#### AIM OF THE TASK
With pictures omitted, output the records below exactly as they appear.

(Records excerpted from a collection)
--- START ---
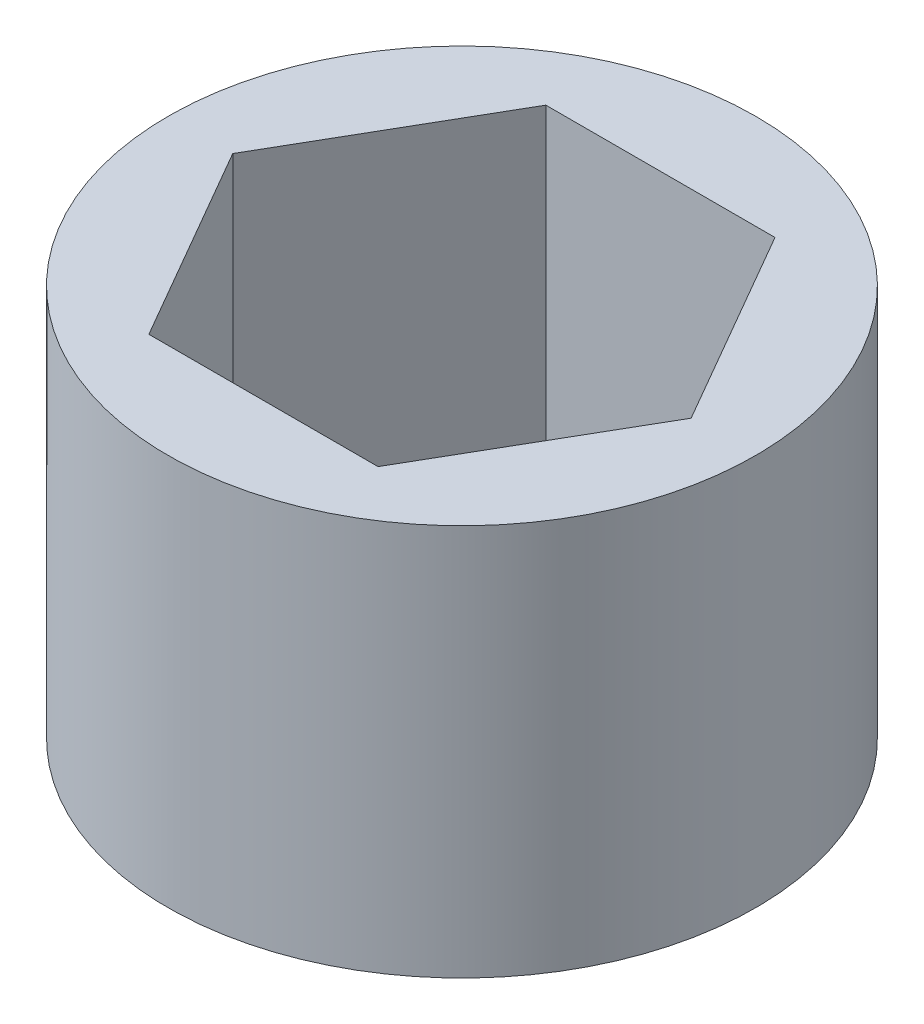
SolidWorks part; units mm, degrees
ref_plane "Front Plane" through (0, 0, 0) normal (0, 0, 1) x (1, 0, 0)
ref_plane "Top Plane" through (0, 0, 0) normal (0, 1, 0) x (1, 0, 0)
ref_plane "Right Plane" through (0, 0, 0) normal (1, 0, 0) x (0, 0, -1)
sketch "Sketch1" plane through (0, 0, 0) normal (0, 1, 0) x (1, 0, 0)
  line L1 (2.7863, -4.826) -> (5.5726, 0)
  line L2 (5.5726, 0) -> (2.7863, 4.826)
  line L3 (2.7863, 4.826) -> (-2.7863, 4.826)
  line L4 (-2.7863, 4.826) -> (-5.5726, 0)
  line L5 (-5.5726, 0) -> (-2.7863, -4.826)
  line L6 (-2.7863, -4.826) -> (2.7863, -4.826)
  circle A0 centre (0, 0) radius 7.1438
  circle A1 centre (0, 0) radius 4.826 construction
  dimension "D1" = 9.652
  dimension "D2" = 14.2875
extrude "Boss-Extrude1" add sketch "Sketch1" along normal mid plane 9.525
--- END ---
#### TASK ANSWER
SolidWorks part; units mm, degrees
ref_plane "Front Plane" through (0, 0, 0) normal (0, 0, 1) x (1, 0, 0)
ref_plane "Top Plane" through (0, 0, 0) normal (0, 1, 0) x (1, 0, 0)
ref_plane "Right Plane" through (0, 0, 0) normal (1, 0, 0) x (0, 0, -1)
sketch "Sketch1" plane through (0, 0, 0) normal (0, 1, 0) x (1, 0, 0)
  line L1 (2.7863, -4.826) -> (5.5726, 0)
  line L2 (5.5726, 0) -> (2.7863, 4.826)
  line L3 (2.7863, 4.826) -> (-2.7863, 4.826)
  line L4 (-2.7863, 4.826) -> (-5.5726, 0)
  line L5 (-5.5726, 0) -> (-2.7863, -4.826)
  line L6 (-2.7863, -4.826) -> (2.7863, -4.826)
  circle A0 centre (0, 0) radius 7.1438
  circle A1 centre (0, 0) radius 4.826 construction
  dimension "D1" = 9.652
  dimension "D2" = 14.2875
extrude "Boss-Extrude1" add sketch "Sketch1" along normal mid plane 9.525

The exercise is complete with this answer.